> _INPUT_
== Segment start ==

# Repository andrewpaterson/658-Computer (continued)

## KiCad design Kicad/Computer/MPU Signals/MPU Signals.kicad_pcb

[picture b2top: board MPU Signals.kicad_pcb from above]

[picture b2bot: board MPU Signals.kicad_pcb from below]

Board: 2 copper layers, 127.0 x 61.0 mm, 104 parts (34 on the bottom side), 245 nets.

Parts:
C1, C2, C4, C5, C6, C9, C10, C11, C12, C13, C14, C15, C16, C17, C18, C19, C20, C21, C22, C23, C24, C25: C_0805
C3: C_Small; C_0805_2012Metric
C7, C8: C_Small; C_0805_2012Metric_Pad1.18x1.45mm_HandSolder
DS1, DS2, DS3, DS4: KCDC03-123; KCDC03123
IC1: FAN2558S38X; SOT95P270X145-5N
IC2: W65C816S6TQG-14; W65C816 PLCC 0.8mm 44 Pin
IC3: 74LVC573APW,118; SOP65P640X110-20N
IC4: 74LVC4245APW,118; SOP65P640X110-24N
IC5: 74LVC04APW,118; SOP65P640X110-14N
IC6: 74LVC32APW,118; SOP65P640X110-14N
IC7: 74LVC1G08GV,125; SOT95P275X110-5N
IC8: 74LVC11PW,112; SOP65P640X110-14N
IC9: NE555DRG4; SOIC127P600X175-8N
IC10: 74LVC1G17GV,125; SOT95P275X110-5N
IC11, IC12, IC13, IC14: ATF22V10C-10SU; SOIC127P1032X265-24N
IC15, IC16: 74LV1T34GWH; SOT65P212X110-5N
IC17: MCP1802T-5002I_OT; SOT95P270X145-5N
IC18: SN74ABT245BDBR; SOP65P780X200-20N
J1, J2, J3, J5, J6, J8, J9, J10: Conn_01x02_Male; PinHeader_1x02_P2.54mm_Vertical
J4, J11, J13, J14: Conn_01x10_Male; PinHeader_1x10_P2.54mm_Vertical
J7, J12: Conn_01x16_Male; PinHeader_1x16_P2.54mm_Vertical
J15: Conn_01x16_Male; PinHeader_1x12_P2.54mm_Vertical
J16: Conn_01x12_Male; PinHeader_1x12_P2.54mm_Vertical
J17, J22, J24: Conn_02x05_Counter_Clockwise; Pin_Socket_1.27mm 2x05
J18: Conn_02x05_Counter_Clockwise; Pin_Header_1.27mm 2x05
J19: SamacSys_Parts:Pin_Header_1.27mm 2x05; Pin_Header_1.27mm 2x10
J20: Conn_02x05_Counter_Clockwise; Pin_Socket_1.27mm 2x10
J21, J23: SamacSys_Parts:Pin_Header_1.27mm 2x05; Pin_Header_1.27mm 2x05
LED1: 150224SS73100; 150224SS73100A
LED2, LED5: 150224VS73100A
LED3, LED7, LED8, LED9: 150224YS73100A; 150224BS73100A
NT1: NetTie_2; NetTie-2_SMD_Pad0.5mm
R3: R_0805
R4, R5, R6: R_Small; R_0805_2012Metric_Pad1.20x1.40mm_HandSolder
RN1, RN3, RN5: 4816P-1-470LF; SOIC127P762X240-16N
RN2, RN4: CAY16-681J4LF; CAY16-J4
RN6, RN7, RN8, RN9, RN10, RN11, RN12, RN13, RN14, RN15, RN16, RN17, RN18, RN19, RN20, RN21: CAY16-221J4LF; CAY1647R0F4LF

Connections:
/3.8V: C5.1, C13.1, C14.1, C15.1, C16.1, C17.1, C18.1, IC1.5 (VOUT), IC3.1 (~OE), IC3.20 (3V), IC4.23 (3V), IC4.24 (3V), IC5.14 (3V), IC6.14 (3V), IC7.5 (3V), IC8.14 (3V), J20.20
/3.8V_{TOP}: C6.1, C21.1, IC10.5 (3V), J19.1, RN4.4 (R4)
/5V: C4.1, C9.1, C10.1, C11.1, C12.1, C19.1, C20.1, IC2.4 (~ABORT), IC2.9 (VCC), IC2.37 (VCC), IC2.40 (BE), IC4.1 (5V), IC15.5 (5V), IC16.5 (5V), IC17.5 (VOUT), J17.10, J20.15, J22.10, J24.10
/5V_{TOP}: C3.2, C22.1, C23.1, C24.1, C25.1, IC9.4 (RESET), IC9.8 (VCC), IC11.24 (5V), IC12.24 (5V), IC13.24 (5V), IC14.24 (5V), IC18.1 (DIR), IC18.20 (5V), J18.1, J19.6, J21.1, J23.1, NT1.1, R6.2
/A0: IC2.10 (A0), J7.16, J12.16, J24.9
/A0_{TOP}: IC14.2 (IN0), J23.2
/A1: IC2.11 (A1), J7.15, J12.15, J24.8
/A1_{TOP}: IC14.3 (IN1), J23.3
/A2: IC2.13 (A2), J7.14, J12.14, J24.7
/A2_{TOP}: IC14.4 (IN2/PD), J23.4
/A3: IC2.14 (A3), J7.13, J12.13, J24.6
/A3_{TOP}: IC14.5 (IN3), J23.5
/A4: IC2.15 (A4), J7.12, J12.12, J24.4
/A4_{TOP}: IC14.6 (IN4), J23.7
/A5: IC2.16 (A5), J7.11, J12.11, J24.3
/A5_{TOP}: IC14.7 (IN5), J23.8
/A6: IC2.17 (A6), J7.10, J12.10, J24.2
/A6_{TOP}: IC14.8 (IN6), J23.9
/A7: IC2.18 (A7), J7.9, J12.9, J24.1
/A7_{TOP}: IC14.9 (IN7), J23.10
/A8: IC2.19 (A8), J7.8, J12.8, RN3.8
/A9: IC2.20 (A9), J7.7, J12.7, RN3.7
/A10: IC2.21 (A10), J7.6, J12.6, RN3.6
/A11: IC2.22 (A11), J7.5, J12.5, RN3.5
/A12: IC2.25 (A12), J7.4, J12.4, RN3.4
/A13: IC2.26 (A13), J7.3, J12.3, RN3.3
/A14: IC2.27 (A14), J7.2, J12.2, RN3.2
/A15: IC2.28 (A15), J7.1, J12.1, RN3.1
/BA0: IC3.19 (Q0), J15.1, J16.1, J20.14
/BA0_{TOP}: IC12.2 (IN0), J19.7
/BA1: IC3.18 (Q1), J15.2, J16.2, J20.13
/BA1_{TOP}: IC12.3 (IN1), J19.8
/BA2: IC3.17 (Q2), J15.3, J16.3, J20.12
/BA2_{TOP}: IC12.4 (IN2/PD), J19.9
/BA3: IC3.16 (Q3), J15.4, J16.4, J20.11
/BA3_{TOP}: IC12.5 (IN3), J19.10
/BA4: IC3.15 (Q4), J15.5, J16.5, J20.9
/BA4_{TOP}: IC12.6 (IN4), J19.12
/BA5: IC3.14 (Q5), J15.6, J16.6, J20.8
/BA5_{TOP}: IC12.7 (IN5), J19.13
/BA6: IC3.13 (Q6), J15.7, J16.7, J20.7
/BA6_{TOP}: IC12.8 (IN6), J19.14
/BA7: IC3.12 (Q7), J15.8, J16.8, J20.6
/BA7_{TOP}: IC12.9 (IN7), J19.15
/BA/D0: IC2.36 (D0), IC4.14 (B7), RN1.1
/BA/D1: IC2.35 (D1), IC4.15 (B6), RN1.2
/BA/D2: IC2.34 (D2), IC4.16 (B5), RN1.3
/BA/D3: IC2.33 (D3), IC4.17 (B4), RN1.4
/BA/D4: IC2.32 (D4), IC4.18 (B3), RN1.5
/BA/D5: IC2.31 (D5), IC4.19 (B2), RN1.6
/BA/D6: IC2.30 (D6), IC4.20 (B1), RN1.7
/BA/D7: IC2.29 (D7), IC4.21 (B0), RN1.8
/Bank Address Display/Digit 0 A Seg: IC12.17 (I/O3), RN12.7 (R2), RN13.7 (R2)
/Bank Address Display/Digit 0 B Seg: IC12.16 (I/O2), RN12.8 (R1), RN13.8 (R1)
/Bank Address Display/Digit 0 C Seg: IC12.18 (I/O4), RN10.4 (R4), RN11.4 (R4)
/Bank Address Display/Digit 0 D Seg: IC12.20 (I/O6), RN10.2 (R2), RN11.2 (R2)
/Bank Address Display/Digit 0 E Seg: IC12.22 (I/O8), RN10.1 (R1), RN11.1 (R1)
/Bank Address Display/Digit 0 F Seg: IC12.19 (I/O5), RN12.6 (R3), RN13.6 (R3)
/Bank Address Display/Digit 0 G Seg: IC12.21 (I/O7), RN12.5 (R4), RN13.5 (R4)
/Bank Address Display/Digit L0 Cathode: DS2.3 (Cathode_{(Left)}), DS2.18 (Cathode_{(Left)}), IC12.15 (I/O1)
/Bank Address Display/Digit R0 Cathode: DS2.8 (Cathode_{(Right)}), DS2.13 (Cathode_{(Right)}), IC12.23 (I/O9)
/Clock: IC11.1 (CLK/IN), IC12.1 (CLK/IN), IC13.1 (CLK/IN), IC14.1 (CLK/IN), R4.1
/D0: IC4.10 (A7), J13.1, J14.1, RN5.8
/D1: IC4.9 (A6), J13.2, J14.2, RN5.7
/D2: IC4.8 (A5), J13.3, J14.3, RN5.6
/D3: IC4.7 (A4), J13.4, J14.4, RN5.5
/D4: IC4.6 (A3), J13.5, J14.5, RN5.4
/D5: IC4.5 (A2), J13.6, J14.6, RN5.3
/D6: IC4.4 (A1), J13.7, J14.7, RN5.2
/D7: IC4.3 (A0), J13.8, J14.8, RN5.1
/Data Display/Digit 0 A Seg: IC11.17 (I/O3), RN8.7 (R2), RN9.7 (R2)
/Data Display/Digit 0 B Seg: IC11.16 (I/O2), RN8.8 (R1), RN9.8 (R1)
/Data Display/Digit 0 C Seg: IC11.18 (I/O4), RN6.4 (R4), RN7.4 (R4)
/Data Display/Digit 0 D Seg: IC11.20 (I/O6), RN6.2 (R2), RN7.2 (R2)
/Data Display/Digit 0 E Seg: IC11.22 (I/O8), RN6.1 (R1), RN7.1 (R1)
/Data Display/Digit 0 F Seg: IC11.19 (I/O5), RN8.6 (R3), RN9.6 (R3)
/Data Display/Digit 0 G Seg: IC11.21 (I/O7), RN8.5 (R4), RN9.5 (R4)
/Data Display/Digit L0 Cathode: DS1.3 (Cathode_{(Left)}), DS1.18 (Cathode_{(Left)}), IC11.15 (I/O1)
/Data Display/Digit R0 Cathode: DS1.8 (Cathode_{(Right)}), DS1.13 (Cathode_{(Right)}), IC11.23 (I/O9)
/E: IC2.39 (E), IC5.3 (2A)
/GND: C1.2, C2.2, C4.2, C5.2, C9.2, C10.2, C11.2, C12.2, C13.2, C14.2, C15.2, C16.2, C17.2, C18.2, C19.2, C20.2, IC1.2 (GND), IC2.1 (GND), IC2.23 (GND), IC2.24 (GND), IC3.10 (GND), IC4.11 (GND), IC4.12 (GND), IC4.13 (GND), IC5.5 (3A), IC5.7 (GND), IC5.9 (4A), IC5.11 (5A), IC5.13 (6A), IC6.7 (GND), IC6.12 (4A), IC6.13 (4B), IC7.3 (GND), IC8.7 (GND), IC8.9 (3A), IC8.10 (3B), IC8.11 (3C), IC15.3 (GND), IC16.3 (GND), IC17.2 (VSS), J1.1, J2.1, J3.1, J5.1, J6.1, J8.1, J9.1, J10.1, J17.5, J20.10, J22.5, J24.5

== Segment end ==

> _EXERCISE DETAILS_
Everything above from the line containing "[picture b2bot: board" through the line containing "Board: 2 copper" must be copied exactly. Nothing outside that range belongs in the answer.

> _SOLUTION FOR THIS PROBLEM_
[picture b2bot: board MPU Signals.kicad_pcb from below]

Board: 2 copper layers, 127.0 x 61.0 mm, 104 parts (34 on the bottom side), 245 nets.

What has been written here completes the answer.